The phone companies seem to deal with this thing every day. I never get inconsistent results when dialing numbers using the PSTN. For example, in the US (where mobile phones have the same area codes as landlines, I could dial +1-123-456-7890, or 011-1-123-456-7890 (where 011 is the international dialing prefix in the US and 1 is the international dialing code for the US), 1-123-456-7890 (where 1 is the local dialing prefix in the US) or even 456-7890 (assuming I was in the 123 area code at the time) and get the same results each time. I assume that internally these dialed numbers get converted to the same E.164 standard format, and that the conversion is all done in software.
To be honest, it sounds like you've got most of the bases covered already.
The +44(0)800 format sometimes (incorrectly) used in the UK is annoying and isn't strictly valid according to E.123, which is the ITU-T recommendation for how numbers should be displayed. If you haven't got a copy of E.123 it's worth a look.
For what it's worth, the telephone network itself doesn't always use E.164. Often there'll be a flag in the ISDN signalling generated by the PBX (or in the network if you're on a steam phone) which tells the network whether the number being dialled is local, national or international.
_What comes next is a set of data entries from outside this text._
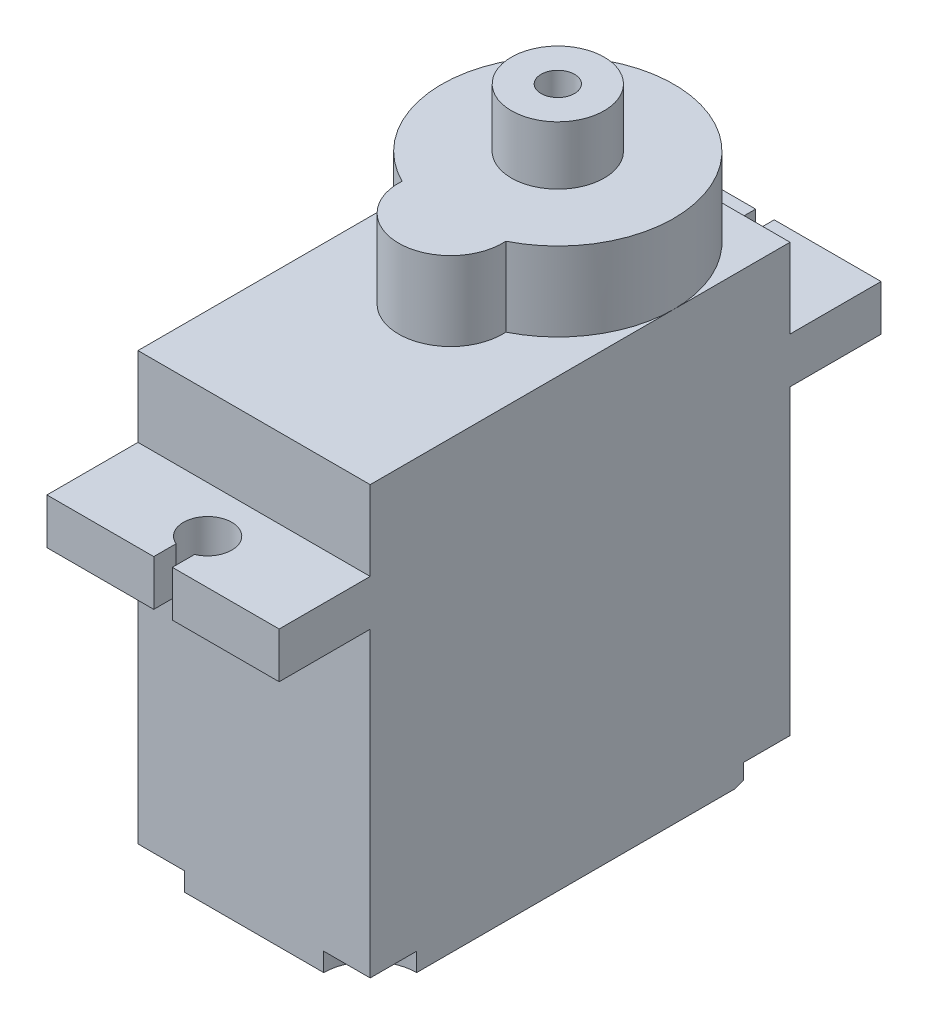
ISO-10303-21;
HEADER;
FILE_DESCRIPTION(('STEP AP214'),'2;1');
FILE_NAME('part.step','',(''),(''),'','','');
FILE_SCHEMA(('AUTOMOTIVE_DESIGN { 1 0 10303 214 1 1 1 1 }'));
ENDSEC;
DATA;
#1=APPLICATION_CONTEXT('core data for automotive mechanical design processes');
#2=APPLICATION_PROTOCOL_DEFINITION('international standard','automotive_design',2000,#1);
#3=PRODUCT_CONTEXT('',#1,'mechanical');
#4=PRODUCT('Part','Part','',(#3));
#5=PRODUCT_RELATED_PRODUCT_CATEGORY('part','',(#4));
#6=PRODUCT_DEFINITION_FORMATION('','',#4);
#7=PRODUCT_DEFINITION_CONTEXT('part definition',#1,'design');
#8=PRODUCT_DEFINITION('design','',#6,#7);
#9=PRODUCT_DEFINITION_SHAPE('','',#8);
#10=(LENGTH_UNIT() NAMED_UNIT(*) SI_UNIT(.MILLI.,.METRE.));
#11=(NAMED_UNIT(*) PLANE_ANGLE_UNIT() SI_UNIT($,.RADIAN.));
#12=(NAMED_UNIT(*) SI_UNIT($,.STERADIAN.) SOLID_ANGLE_UNIT());
#13=UNCERTAINTY_MEASURE_WITH_UNIT(LENGTH_MEASURE(1.E-05),#10,'distance_accuracy_value','');
#14=(GEOMETRIC_REPRESENTATION_CONTEXT(3) GLOBAL_UNCERTAINTY_ASSIGNED_CONTEXT((#13)) GLOBAL_UNIT_ASSIGNED_CONTEXT((#10,
#11,#12)) REPRESENTATION_CONTEXT('',''));
#15=CARTESIAN_POINT('',(0.,0.,0.));
#16=DIRECTION('',(0.,0.,1.));
#17=DIRECTION('',(1.,0.,0.));
#18=AXIS2_PLACEMENT_3D('',#15,#16,#17);
#19=CARTESIAN_POINT('',(6.25,4.28,11.3));
#20=DIRECTION('',(0.,-1.,0.));
#21=DIRECTION('',(0.,0.,-1.));
#22=AXIS2_PLACEMENT_3D('',#19,#20,#21);
#23=PLANE('',#22);
#24=CARTESIAN_POINT('',(0.,4.28,0.719999999999996));
#25=DIRECTION('',(0.,1.,0.));
#26=DIRECTION('',(0.,0.,1.));
#27=AXIS2_PLACEMENT_3D('',#24,#25,#26);
#28=CIRCLE('',#27,2.8);
#29=CARTESIAN_POINT('',(-2.79424619253468,4.28,0.540589254766044));
#30=VERTEX_POINT('',#29);
#31=CARTESIAN_POINT('',(2.79424619253469,4.28,0.54058925476604));
#32=VERTEX_POINT('',#31);
#33=EDGE_CURVE('E460',#30,#32,#28,.T.);
#34=ORIENTED_EDGE('',*,*,#33,.F.);
#35=CARTESIAN_POINT('',(0.,4.28000000000001,-5.04999999999999));
#36=DIRECTION('',(0.,1.,0.));
#37=DIRECTION('',(0.,0.,1.));
#38=AXIS2_PLACEMENT_3D('',#35,#36,#37);
#39=CIRCLE('',#38,6.25);
#40=CARTESIAN_POINT('',(-6.25,4.28000000000001,-5.04999999999999));
#41=VERTEX_POINT('',#40);
#42=EDGE_CURVE('E352',#41,#30,#39,.T.);
#43=ORIENTED_EDGE('',*,*,#42,.F.);
#44=DIRECTION('',(0.,0.,1.));
#45=VECTOR('',#44,1.);
#46=CARTESIAN_POINT('',(-6.25,4.28,11.3));
#47=LINE('',#46,#45);
#48=CARTESIAN_POINT('',(-6.25,4.28,11.3));
#49=VERTEX_POINT('',#48);
#50=EDGE_CURVE('E300',#41,#49,#47,.T.);
#51=ORIENTED_EDGE('',*,*,#50,.T.);
#52=DIRECTION('',(-1.,0.,0.));
#53=VECTOR('',#52,1.);
#54=CARTESIAN_POINT('',(6.25,4.28,11.3));
#55=LINE('',#54,#53);
#56=CARTESIAN_POINT('',(6.25,4.28,11.3));
#57=VERTEX_POINT('',#56);
#58=EDGE_CURVE('E305',#57,#49,#55,.T.);
#59=ORIENTED_EDGE('',*,*,#58,.F.);
#60=DIRECTION('',(0.,0.,1.));
#61=VECTOR('',#60,1.);
#62=CARTESIAN_POINT('',(6.25,4.28,11.3));
#63=LINE('',#62,#61);
#64=CARTESIAN_POINT('',(6.25,4.28000000000001,-5.04999999999999));
#65=VERTEX_POINT('',#64);
#66=EDGE_CURVE('E393',#65,#57,#63,.T.);
#67=ORIENTED_EDGE('',*,*,#66,.F.);
#68=EDGE_CURVE('E467',#32,#65,#39,.T.);
#69=ORIENTED_EDGE('',*,*,#68,.F.);
#70=EDGE_LOOP('',(#34,#43,#51,#59,#67,#69));
#71=FACE_BOUND('',#70,.T.);
#72=ADVANCED_FACE('F48',(#71),#23,.F.);
#73=CARTESIAN_POINT('',(0.,4.28000000000001,-11.3));
#74=VERTEX_POINT('',#73);
#75=EDGE_CURVE('E357',#65,#74,#39,.T.);
#76=ORIENTED_EDGE('',*,*,#75,.F.);
#77=CARTESIAN_POINT('',(6.25,4.28000000000001,-11.3));
#78=VERTEX_POINT('',#77);
#79=EDGE_CURVE('E309',#78,#65,#63,.T.);
#80=ORIENTED_EDGE('',*,*,#79,.F.);
#81=DIRECTION('',(-1.,0.,0.));
#82=VECTOR('',#81,1.);
#83=CARTESIAN_POINT('',(6.25,4.28000000000001,-11.3));
#84=LINE('',#83,#82);
#85=EDGE_CURVE('E310',#78,#74,#84,.T.);
#86=ORIENTED_EDGE('',*,*,#85,.T.);
#87=EDGE_LOOP('',(#76,#80,#86));
#88=FACE_BOUND('',#87,.T.);
#89=ADVANCED_FACE('F572',(#88),#23,.F.);
#90=CARTESIAN_POINT('',(6.25,0.,16.2));
#91=DIRECTION('',(0.,0.,-1.));
#92=DIRECTION('',(-1.,0.,0.));
#93=AXIS2_PLACEMENT_3D('',#90,#91,#92);
#94=PLANE('',#93);
#95=DIRECTION('',(-1.,0.,0.));
#96=VECTOR('',#95,1.);
#97=CARTESIAN_POINT('',(6.25,0.,16.2));
#98=LINE('',#97,#96);
#99=CARTESIAN_POINT('',(6.25,0.,16.2));
#100=VERTEX_POINT('',#99);
#101=CARTESIAN_POINT('',(0.5,0.,16.2));
#102=VERTEX_POINT('',#101);
#103=EDGE_CURVE('E337',#100,#102,#98,.T.);
#104=ORIENTED_EDGE('',*,*,#103,.T.);
#105=DIRECTION('',(0.,1.,0.));
#106=VECTOR('',#105,1.);
#107=CARTESIAN_POINT('',(0.5,-12.5,16.2));
#108=LINE('',#107,#106);
#109=CARTESIAN_POINT('',(0.5,-2.46,16.2));
#110=VERTEX_POINT('',#109);
#111=EDGE_CURVE('E508',#110,#102,#108,.T.);
#112=ORIENTED_EDGE('',*,*,#111,.F.);
#113=DIRECTION('',(-1.,0.,0.));
#114=VECTOR('',#113,1.);
#115=CARTESIAN_POINT('',(6.25,-2.46,16.2));
#116=LINE('',#115,#114);
#117=CARTESIAN_POINT('',(6.25,-2.46,16.2));
#118=VERTEX_POINT('',#117);
#119=EDGE_CURVE('E333',#118,#110,#116,.T.);
#120=ORIENTED_EDGE('',*,*,#119,.F.);
#121=DIRECTION('',(0.,-1.,0.));
#122=VECTOR('',#121,1.);
#123=CARTESIAN_POINT('',(6.25,0.,16.2));
#124=LINE('',#123,#122);
#125=EDGE_CURVE('E525',#100,#118,#124,.T.);
#126=ORIENTED_EDGE('',*,*,#125,.F.);
#127=EDGE_LOOP('',(#104,#112,#120,#126));
#128=FACE_BOUND('',#127,.T.);
#129=ADVANCED_FACE('F533',(#128),#94,.F.);
#130=CARTESIAN_POINT('',(6.25,0.,-16.2));
#131=DIRECTION('',(0.,0.,1.));
#132=DIRECTION('',(1.,0.,0.));
#133=AXIS2_PLACEMENT_3D('',#130,#131,#132);
#134=PLANE('',#133);
#135=DIRECTION('',(-1.,0.,0.));
#136=VECTOR('',#135,1.);
#137=CARTESIAN_POINT('',(6.25,0.,-16.2));
#138=LINE('',#137,#136);
#139=CARTESIAN_POINT('',(-0.5,0.,-16.2));
#140=VERTEX_POINT('',#139);
#141=CARTESIAN_POINT('',(-6.25,0.,-16.2));
#142=VERTEX_POINT('',#141);
#143=EDGE_CURVE('E316',#140,#142,#138,.T.);
#144=ORIENTED_EDGE('',*,*,#143,.F.);
#145=DIRECTION('',(0.,1.,0.));
#146=VECTOR('',#145,1.);
#147=CARTESIAN_POINT('',(-0.5,-12.5,-16.2));
#148=LINE('',#147,#146);
#149=CARTESIAN_POINT('',(-0.5,-2.46,-16.2));
#150=VERTEX_POINT('',#149);
#151=EDGE_CURVE('E492',#150,#140,#148,.T.);
#152=ORIENTED_EDGE('',*,*,#151,.F.);
#153=DIRECTION('',(-1.,0.,0.));
#154=VECTOR('',#153,1.);
#155=CARTESIAN_POINT('',(6.25,-2.46,-16.2));
#156=LINE('',#155,#154);
#157=CARTESIAN_POINT('',(-6.25,-2.46,-16.2));
#158=VERTEX_POINT('',#157);
#159=EDGE_CURVE('E320',#150,#158,#156,.T.);
#160=ORIENTED_EDGE('',*,*,#159,.T.);
#161=DIRECTION('',(0.,1.,0.));
#162=VECTOR('',#161,1.);
#163=CARTESIAN_POINT('',(-6.25,0.,-16.2));
#164=LINE('',#163,#162);
#165=EDGE_CURVE('E292',#158,#142,#164,.T.);
#166=ORIENTED_EDGE('',*,*,#165,.T.);
#167=EDGE_LOOP('',(#144,#152,#160,#166));
#168=FACE_BOUND('',#167,.T.);
#169=ADVANCED_FACE('F589',(#168),#134,.F.);
#170=CARTESIAN_POINT('',(6.25,4.28,11.3));
#171=DIRECTION('',(0.,0.,-1.));
#172=DIRECTION('',(0.,1.,0.));
#173=AXIS2_PLACEMENT_3D('',#170,#171,#172);
#174=PLANE('',#173);
#175=DIRECTION('',(0.,-1.,0.));
#176=VECTOR('',#175,1.);
#177=CARTESIAN_POINT('',(-6.25,4.28,11.3));
#178=LINE('',#177,#176);
#179=CARTESIAN_POINT('',(-6.25,0.,11.3));
#180=VERTEX_POINT('',#179);
#181=EDGE_CURVE('E396',#49,#180,#178,.T.);
#182=ORIENTED_EDGE('',*,*,#181,.T.);
#183=DIRECTION('',(-1.,0.,0.));
#184=VECTOR('',#183,1.);
#185=CARTESIAN_POINT('',(6.25,0.,11.3));
#186=LINE('',#185,#184);
#187=CARTESIAN_POINT('',(6.25,0.,11.3));
#188=VERTEX_POINT('',#187);
#189=EDGE_CURVE('E340',#188,#180,#186,.T.);
#190=ORIENTED_EDGE('',*,*,#189,.F.);
#191=DIRECTION('',(0.,-1.,0.));
#192=VECTOR('',#191,1.);
#193=CARTESIAN_POINT('',(6.25,4.28,11.3));
#194=LINE('',#193,#192);
#195=EDGE_CURVE('E304',#57,#188,#194,.T.);
#196=ORIENTED_EDGE('',*,*,#195,.F.);
#197=ORIENTED_EDGE('',*,*,#58,.T.);
#198=EDGE_LOOP('',(#182,#190,#196,#197));
#199=FACE_BOUND('',#198,.T.);
#200=ADVANCED_FACE('F50',(#199),#174,.F.);
#201=CARTESIAN_POINT('',(6.25,0.,11.3));
#202=DIRECTION('',(0.,-1.,0.));
#203=DIRECTION('',(0.,0.,-1.));
#204=AXIS2_PLACEMENT_3D('',#201,#202,#203);
#205=PLANE('',#204);
#206=CARTESIAN_POINT('',(0.,0.,13.8));
#207=DIRECTION('',(0.,1.,0.));
#208=DIRECTION('',(0.,0.,-1.));
#209=AXIS2_PLACEMENT_3D('',#206,#207,#208);
#210=CIRCLE('',#209,1.3);
#211=CARTESIAN_POINT('',(0.5,0.,15.));
#212=VERTEX_POINT('',#211);
#213=CARTESIAN_POINT('',(-0.5,0.,15.));
#214=VERTEX_POINT('',#213);
#215=EDGE_CURVE('E479',#212,#214,#210,.T.);
#216=ORIENTED_EDGE('',*,*,#215,.F.);
#217=DIRECTION('',(0.,0.,-1.));
#218=VECTOR('',#217,1.);
#219=CARTESIAN_POINT('',(0.5,0.,15.));
#220=LINE('',#219,#218);
#221=EDGE_CURVE('E503',#102,#212,#220,.T.);
#222=ORIENTED_EDGE('',*,*,#221,.F.);
#223=ORIENTED_EDGE('',*,*,#103,.F.);
#224=DIRECTION('',(0.,0.,1.));
#225=VECTOR('',#224,1.);
#226=CARTESIAN_POINT('',(6.25,0.,11.3));
#227=LINE('',#226,#225);
#228=EDGE_CURVE('E523',#188,#100,#227,.T.);
#229=ORIENTED_EDGE('',*,*,#228,.F.);
#230=ORIENTED_EDGE('',*,*,#189,.T.);
#231=DIRECTION('',(0.,0.,1.));
#232=VECTOR('',#231,1.);
#233=CARTESIAN_POINT('',(-6.25,0.,11.3));
#234=LINE('',#233,#232);
#235=CARTESIAN_POINT('',(-6.25,0.,16.2));
#236=VERTEX_POINT('',#235);
#237=EDGE_CURVE('E399',#180,#236,#234,.T.);
#238=ORIENTED_EDGE('',*,*,#237,.T.);
#239=CARTESIAN_POINT('',(-0.5,0.,16.2));
#240=VERTEX_POINT('',#239);
#241=EDGE_CURVE('E336',#240,#236,#98,.T.);
#242=ORIENTED_EDGE('',*,*,#241,.F.);
#243=DIRECTION('',(0.,0.,1.));
#244=VECTOR('',#243,1.);
#245=CARTESIAN_POINT('',(-0.5,0.,15.));
#246=LINE('',#245,#244);
#247=EDGE_CURVE('E501',#214,#240,#246,.T.);
#248=ORIENTED_EDGE('',*,*,#247,.F.);
#249=EDGE_LOOP('',(#216,#222,#223,#229,#230,#238,#242,#248));
#250=FACE_BOUND('',#249,.T.);
#251=ADVANCED_FACE('F541',(#250),#205,.F.);
#252=CARTESIAN_POINT('',(-0.5,-2.46,16.2));
#253=VERTEX_POINT('',#252);
#254=CARTESIAN_POINT('',(-6.25,-2.46,16.2));
#255=VERTEX_POINT('',#254);
#256=EDGE_CURVE('E332',#253,#255,#116,.T.);
#257=ORIENTED_EDGE('',*,*,#256,.F.);
#258=DIRECTION('',(0.,1.,0.));
#259=VECTOR('',#258,1.);
#260=CARTESIAN_POINT('',(-0.5,-12.5,16.2));
#261=LINE('',#260,#259);
#262=EDGE_CURVE('E510',#253,#240,#261,.T.);
#263=ORIENTED_EDGE('',*,*,#262,.T.);
#264=ORIENTED_EDGE('',*,*,#241,.T.);
#265=DIRECTION('',(0.,-1.,0.));
#266=VECTOR('',#265,1.);
#267=CARTESIAN_POINT('',(-6.25,0.,16.2));
#268=LINE('',#267,#266);
#269=EDGE_CURVE('E403',#236,#255,#268,.T.);
#270=ORIENTED_EDGE('',*,*,#269,.T.);
#271=EDGE_LOOP('',(#257,#263,#264,#270));
#272=FACE_BOUND('',#271,.T.);
#273=ADVANCED_FACE('F549',(#272),#94,.F.);
#274=CARTESIAN_POINT('',(6.25,-2.46,11.3));
#275=DIRECTION('',(0.,1.,0.));
#276=DIRECTION('',(0.,0.,1.));
#277=AXIS2_PLACEMENT_3D('',#274,#275,#276);
#278=PLANE('',#277);
#279=ORIENTED_EDGE('',*,*,#119,.T.);
#280=DIRECTION('',(0.,0.,-1.));
#281=VECTOR('',#280,1.);
#282=CARTESIAN_POINT('',(0.5,-2.46,11.3));
#283=LINE('',#282,#281);
#284=CARTESIAN_POINT('',(0.5,-2.46,15.));
#285=VERTEX_POINT('',#284);
#286=EDGE_CURVE('E349',#110,#285,#283,.T.);
#287=ORIENTED_EDGE('',*,*,#286,.T.);
#288=CARTESIAN_POINT('',(0.,-2.46,13.8));
#289=DIRECTION('',(0.,1.,0.));
#290=DIRECTION('',(0.,0.,1.));
#291=AXIS2_PLACEMENT_3D('',#288,#289,#290);
#292=CIRCLE('',#291,1.3);
#293=CARTESIAN_POINT('',(-0.5,-2.46,15.));
#294=VERTEX_POINT('',#293);
#295=EDGE_CURVE('E346',#285,#294,#292,.T.);
#296=ORIENTED_EDGE('',*,*,#295,.T.);
#297=DIRECTION('',(0.,0.,1.));
#298=VECTOR('',#297,1.);
#299=CARTESIAN_POINT('',(-0.5,-2.46,11.3));
#300=LINE('',#299,#298);
#301=EDGE_CURVE('E343',#294,#253,#300,.T.);
#302=ORIENTED_EDGE('',*,*,#301,.T.);
#303=ORIENTED_EDGE('',*,*,#256,.T.);
#304=DIRECTION('',(0.,0.,-1.));
#305=VECTOR('',#304,1.);
#306=CARTESIAN_POINT('',(-6.25,-2.46,11.3));
#307=LINE('',#306,#305);
#308=CARTESIAN_POINT('',(-6.25,-2.46,11.3));
#309=VERTEX_POINT('',#308);
#310=EDGE_CURVE('E286',#255,#309,#307,.T.);
#311=ORIENTED_EDGE('',*,*,#310,.T.);
#312=DIRECTION('',(-1.,0.,0.));
#313=VECTOR('',#312,1.);
#314=CARTESIAN_POINT('',(6.25,-2.46,11.3));
#315=LINE('',#314,#313);
#316=CARTESIAN_POINT('',(6.25,-2.46,11.3));
#317=VERTEX_POINT('',#316);
#318=EDGE_CURVE('E329',#317,#309,#315,.T.);
#319=ORIENTED_EDGE('',*,*,#318,.F.);
#320=DIRECTION('',(0.,0.,-1.));
#321=VECTOR('',#320,1.);
#322=CARTESIAN_POINT('',(6.25,-2.46,11.3));
#323=LINE('',#322,#321);
#324=EDGE_CURVE('E527',#118,#317,#323,.T.);
#325=ORIENTED_EDGE('',*,*,#324,.F.);
#326=EDGE_LOOP('',(#279,#287,#296,#302,#303,#311,#319,#325));
#327=FACE_BOUND('',#326,.T.);
#328=ADVANCED_FACE('F408',(#327),#278,.F.);
#329=CARTESIAN_POINT('',(6.25,-2.46,11.3));
#330=DIRECTION('',(0.,0.,-1.));
#331=DIRECTION('',(-1.,0.,0.));
#332=AXIS2_PLACEMENT_3D('',#329,#330,#331);
#333=PLANE('',#332);
#334=DIRECTION('',(1.,0.,0.));
#335=VECTOR('',#334,1.);
#336=CARTESIAN_POINT('',(6.25,-18.72,11.3));
#337=LINE('',#336,#335);
#338=CARTESIAN_POINT('',(-6.25,-18.72,11.3));
#339=VERTEX_POINT('',#338);
#340=CARTESIAN_POINT('',(-3.75,-18.72,11.3));
#341=VERTEX_POINT('',#340);
#342=EDGE_CURVE('E425',#339,#341,#337,.T.);
#343=ORIENTED_EDGE('',*,*,#342,.T.);
#344=DIRECTION('',(0.,-1.,0.));
#345=VECTOR('',#344,1.);
#346=CARTESIAN_POINT('',(-3.75,-18.72,11.3));
#347=LINE('',#346,#345);
#348=CARTESIAN_POINT('',(-3.75,-19.72,11.3));
#349=VERTEX_POINT('',#348);
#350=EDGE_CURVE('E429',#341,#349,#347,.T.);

In some countries you can validate 112 as a valid phone number, but if you stick a country code in front of it it won't be valid any more. In other countries you can't validate 112 but you can validate 911 as a valid phone number.
I've seen some phones that put Q on the 7 key and Z on the 9 key. I've seen some phones that put Q and Z on the 0 key, and some that put Q and Z on the 1 key.
An area code that existed yesterday might not exist today, and vice-versa.
In half of North America (country code 1), the second digit rule used to be 0 or 1 for area codes, but that rule went away 10 years ago.
I'm not aware of a standard library or framework available for formatting telephone numbers into E.164.
The solution used for our product, which requires formatting PBX provided caller-id into E.164, is to deploy a file (database table) containing the E.164 format information for all countries applicable.
This has the advantage that the application can be updated (to handle all the strange corner cases in various PSTN networks) w/out requiring changes to the production code base.
The table contains a row for each country code and information regarding area code length and subscriber length. There may be multiple entries for a country depending on what variations are possible with area code and subscriber number lengths.
Using New Zealand PSTN (partial) dial plan as an example of the table..
CC AREA_CODE AREA_CODE_LENGTH SUBSCRIBER SUBSCRIBER_LENGTH
64 1 7
64 21 2 7
64 275 3 6
We do something similar to what you have described, i.e. strip the provided telephone number of any non-digit characters and then format based on various rules regarding overall number plan length, outside access code, and long distance/international access codes.